(Records for processing begins)
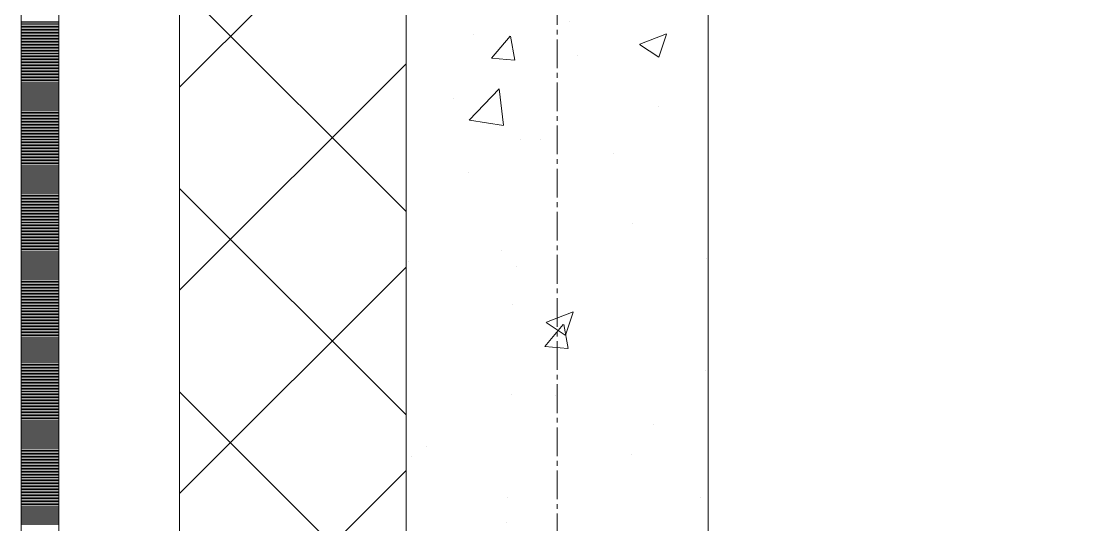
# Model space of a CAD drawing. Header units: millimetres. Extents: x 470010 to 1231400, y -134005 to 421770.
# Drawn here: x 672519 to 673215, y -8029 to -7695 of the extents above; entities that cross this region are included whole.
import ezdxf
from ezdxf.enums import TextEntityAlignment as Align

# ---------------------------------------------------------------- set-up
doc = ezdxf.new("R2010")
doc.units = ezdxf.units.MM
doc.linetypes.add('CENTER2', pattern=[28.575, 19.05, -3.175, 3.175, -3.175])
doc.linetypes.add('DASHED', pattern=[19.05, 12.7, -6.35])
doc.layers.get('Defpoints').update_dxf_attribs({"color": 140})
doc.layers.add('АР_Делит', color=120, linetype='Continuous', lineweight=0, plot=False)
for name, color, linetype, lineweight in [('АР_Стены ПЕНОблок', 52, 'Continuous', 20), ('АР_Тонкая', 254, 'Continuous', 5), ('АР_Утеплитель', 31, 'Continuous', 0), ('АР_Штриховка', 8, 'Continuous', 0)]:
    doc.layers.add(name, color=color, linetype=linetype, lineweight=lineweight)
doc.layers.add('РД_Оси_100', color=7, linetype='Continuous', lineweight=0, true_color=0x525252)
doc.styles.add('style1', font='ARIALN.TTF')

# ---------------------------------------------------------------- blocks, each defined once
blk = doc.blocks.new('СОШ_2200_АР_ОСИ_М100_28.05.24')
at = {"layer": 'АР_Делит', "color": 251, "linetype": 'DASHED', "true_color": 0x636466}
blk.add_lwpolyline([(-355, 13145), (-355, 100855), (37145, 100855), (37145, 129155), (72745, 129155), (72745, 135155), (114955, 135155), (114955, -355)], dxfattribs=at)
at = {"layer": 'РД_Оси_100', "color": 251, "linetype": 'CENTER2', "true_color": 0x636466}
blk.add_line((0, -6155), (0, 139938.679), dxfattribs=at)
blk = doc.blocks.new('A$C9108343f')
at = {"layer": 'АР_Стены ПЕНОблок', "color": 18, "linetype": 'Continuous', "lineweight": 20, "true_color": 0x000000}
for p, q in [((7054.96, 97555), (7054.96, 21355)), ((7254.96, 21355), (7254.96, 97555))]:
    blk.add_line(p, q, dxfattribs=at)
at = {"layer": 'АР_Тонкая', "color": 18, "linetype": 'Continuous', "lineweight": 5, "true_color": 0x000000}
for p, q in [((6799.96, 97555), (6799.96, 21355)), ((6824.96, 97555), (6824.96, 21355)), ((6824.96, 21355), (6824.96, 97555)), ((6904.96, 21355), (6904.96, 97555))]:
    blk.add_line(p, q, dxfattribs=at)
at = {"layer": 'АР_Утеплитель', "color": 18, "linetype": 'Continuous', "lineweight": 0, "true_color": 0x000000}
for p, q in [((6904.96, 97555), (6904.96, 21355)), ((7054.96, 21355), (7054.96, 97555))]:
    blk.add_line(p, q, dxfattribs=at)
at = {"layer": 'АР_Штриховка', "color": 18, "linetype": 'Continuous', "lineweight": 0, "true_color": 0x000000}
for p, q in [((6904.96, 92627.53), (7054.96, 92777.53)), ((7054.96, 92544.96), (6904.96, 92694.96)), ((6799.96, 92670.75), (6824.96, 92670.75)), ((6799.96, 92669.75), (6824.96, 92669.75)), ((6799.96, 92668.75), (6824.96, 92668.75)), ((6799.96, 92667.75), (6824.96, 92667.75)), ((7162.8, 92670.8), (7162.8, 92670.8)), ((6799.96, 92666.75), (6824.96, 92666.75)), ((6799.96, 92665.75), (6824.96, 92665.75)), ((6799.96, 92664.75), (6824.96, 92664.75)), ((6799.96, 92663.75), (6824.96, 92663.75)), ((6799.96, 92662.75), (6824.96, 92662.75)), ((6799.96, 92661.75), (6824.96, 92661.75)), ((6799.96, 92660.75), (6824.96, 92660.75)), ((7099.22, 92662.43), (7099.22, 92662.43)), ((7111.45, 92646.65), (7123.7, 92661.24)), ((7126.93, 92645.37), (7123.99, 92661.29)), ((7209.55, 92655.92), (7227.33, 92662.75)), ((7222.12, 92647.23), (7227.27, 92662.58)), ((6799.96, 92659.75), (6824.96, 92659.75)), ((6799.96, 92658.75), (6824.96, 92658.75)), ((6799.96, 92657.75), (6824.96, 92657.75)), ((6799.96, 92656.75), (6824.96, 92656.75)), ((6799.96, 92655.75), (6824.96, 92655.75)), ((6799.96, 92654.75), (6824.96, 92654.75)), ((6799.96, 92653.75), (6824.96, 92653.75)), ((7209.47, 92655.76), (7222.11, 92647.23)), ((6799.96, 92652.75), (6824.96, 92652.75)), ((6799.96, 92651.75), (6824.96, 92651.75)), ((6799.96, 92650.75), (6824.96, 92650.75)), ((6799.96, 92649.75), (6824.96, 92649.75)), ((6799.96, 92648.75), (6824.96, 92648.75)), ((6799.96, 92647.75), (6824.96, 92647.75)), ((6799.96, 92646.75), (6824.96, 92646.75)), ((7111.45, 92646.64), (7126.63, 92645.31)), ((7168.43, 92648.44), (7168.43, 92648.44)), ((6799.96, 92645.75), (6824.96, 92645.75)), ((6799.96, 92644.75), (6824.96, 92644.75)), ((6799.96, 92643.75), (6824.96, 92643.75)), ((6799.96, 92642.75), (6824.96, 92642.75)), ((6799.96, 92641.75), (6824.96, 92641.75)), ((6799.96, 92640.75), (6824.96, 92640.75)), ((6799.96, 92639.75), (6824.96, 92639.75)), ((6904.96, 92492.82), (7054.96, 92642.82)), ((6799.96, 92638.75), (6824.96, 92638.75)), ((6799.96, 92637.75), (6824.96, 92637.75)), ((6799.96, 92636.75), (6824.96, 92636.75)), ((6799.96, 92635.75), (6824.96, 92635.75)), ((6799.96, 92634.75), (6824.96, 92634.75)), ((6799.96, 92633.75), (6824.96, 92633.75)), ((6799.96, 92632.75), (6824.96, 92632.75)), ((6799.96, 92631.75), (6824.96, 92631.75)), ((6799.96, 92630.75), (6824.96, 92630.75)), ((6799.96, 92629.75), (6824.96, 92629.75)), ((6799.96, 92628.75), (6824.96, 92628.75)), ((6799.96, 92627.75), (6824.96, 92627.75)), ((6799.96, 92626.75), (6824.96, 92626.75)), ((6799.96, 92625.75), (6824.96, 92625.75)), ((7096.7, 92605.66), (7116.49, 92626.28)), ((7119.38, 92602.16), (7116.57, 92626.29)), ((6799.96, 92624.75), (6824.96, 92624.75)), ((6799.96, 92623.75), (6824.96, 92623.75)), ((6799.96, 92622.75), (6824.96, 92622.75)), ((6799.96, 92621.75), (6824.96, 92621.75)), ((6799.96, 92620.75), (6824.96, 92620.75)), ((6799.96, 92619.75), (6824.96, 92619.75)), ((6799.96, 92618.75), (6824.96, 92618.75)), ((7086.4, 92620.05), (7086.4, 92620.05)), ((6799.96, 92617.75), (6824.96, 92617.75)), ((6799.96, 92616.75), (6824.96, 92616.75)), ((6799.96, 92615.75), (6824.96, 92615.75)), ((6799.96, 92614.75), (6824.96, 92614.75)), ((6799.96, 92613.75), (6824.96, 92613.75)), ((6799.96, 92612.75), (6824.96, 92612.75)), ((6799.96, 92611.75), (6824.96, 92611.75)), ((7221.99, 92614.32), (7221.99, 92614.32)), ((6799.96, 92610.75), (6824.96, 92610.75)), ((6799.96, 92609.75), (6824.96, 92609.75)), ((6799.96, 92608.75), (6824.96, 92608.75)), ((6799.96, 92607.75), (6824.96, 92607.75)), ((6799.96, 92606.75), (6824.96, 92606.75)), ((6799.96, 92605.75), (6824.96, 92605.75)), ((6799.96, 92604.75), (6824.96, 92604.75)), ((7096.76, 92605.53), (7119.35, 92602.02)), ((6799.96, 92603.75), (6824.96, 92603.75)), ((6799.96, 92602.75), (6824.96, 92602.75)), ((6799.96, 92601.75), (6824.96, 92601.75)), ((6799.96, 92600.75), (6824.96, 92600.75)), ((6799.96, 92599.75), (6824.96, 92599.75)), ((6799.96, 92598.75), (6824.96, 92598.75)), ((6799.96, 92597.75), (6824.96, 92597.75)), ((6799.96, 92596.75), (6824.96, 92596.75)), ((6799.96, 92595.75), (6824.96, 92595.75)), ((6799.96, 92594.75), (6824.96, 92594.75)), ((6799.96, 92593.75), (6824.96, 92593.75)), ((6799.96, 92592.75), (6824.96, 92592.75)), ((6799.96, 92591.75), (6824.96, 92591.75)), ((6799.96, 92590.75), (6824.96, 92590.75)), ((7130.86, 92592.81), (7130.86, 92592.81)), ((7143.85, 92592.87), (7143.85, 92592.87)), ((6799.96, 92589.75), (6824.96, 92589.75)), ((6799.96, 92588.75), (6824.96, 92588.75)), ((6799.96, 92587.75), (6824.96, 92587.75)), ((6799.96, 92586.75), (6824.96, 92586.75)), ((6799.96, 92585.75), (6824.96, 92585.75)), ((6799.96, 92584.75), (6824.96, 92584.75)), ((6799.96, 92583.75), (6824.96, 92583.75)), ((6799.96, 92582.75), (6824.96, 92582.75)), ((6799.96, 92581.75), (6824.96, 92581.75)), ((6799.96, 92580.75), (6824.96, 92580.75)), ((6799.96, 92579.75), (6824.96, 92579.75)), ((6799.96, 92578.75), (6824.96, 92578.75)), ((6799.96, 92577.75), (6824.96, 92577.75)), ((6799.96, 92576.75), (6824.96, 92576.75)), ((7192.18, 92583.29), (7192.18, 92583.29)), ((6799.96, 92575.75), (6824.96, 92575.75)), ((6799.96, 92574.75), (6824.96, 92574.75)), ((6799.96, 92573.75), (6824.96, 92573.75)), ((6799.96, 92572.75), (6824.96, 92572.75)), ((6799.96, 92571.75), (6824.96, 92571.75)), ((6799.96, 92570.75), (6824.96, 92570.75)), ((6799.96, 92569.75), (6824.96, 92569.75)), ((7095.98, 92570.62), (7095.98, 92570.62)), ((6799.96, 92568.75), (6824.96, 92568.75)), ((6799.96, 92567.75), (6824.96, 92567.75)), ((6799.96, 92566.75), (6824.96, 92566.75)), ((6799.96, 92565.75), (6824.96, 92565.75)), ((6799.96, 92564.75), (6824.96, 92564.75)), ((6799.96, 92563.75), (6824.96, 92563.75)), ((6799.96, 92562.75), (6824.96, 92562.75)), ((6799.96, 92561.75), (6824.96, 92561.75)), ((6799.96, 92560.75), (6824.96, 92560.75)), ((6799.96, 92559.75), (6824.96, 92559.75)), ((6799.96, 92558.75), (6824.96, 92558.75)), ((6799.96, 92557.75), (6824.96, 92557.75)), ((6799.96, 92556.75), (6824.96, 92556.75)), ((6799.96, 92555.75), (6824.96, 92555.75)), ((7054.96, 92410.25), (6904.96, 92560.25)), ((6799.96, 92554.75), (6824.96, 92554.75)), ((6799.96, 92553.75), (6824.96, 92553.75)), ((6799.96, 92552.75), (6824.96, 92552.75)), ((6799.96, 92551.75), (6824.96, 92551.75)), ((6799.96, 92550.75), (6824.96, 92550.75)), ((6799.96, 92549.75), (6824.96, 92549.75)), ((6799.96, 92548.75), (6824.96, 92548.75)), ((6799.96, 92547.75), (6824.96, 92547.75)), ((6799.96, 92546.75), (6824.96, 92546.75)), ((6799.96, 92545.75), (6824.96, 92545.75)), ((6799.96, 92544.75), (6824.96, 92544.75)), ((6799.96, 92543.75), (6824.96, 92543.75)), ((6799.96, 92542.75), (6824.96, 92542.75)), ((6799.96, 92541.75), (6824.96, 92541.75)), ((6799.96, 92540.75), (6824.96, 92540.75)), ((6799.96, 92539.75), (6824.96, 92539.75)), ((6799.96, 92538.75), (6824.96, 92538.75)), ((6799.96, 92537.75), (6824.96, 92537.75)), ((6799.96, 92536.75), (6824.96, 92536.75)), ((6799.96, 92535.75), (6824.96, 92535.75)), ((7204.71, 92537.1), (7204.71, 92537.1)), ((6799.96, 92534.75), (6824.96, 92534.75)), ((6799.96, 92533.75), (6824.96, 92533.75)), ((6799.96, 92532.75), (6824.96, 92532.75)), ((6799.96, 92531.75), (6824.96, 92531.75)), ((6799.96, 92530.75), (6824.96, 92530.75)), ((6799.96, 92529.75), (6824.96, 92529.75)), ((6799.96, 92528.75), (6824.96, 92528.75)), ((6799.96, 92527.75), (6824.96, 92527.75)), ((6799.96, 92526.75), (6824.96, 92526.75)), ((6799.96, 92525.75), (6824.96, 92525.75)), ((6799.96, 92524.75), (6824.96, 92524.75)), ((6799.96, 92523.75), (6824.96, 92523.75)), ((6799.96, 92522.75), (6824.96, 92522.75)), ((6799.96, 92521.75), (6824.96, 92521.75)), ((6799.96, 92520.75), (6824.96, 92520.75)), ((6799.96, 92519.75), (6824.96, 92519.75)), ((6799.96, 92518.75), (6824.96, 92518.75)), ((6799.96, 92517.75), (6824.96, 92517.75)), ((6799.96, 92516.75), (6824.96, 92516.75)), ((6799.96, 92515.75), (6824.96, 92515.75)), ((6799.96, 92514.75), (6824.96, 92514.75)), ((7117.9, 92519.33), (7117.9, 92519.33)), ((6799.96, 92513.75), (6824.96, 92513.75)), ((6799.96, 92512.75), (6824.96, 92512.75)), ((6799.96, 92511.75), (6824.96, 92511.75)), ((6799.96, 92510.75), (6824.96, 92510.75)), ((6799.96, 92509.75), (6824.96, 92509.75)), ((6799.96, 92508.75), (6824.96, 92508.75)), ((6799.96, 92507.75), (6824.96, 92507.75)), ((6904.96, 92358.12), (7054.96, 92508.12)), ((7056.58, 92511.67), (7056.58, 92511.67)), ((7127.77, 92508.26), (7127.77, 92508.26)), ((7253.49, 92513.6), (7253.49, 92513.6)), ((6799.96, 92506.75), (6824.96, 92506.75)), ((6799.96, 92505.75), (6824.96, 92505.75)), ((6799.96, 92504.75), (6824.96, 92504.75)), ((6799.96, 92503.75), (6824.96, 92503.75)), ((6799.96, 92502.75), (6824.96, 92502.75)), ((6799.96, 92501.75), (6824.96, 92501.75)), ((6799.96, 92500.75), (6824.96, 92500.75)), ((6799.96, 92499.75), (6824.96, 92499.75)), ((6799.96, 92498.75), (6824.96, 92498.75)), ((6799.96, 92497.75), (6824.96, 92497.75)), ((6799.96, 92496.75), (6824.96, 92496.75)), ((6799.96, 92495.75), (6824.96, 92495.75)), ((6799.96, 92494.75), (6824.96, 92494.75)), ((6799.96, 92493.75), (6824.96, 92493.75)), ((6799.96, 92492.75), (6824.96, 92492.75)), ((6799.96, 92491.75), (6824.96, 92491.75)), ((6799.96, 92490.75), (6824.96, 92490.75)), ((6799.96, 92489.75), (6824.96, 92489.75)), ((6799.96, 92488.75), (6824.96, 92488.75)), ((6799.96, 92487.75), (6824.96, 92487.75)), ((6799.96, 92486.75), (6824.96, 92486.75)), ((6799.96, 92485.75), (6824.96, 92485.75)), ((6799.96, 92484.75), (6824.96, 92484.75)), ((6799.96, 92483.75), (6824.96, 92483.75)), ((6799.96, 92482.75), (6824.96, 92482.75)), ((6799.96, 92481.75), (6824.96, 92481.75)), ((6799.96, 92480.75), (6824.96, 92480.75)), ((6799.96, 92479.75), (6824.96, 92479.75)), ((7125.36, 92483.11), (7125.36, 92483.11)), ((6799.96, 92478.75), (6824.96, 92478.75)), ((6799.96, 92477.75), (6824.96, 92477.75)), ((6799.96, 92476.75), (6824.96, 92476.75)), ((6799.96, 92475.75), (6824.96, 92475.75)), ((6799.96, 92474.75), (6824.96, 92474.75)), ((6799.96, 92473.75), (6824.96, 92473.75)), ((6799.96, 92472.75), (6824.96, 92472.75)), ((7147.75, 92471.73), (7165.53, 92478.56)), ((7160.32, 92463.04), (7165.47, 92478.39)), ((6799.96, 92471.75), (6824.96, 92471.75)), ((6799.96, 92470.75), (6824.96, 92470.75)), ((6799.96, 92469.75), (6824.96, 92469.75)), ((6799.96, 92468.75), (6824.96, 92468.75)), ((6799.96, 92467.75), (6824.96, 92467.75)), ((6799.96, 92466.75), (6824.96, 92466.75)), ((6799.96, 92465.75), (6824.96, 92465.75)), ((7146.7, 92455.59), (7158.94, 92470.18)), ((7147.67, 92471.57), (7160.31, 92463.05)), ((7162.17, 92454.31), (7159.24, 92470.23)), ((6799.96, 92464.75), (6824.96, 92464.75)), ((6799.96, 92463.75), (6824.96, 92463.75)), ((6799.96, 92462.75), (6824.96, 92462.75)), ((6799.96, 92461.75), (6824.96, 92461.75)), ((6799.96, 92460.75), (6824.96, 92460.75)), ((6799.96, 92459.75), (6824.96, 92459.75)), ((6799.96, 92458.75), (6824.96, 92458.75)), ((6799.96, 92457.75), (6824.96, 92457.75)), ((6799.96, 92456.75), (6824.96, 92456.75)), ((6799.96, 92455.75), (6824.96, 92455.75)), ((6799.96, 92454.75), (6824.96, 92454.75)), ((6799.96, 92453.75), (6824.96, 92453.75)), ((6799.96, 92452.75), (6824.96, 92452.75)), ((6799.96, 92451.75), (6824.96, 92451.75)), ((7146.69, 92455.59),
(Records for processing ends)
(Task prompt)
Each line above that contains the string "Continuous" should be copied.

(Worked solution)
doc.layers.add('АР_Делит', color=120, linetype='Continuous', lineweight=0, plot=False)
for name, color, linetype, lineweight in [('АР_Стены ПЕНОблок', 52, 'Continuous', 20), ('АР_Тонкая', 254, 'Continuous', 5), ('АР_Утеплитель', 31, 'Continuous', 0), ('АР_Штриховка', 8, 'Continuous', 0)]:
doc.layers.add('РД_Оси_100', color=7, linetype='Continuous', lineweight=0, true_color=0x525252)
at = {"layer": 'АР_Стены ПЕНОблок', "color": 18, "linetype": 'Continuous', "lineweight": 20, "true_color": 0x000000}
at = {"layer": 'АР_Тонкая', "color": 18, "linetype": 'Continuous', "lineweight": 5, "true_color": 0x000000}
at = {"layer": 'АР_Утеплитель', "color": 18, "linetype": 'Continuous', "lineweight": 0, "true_color": 0x000000}
at = {"layer": 'АР_Штриховка', "color": 18, "linetype": 'Continuous', "lineweight": 0, "true_color": 0x000000}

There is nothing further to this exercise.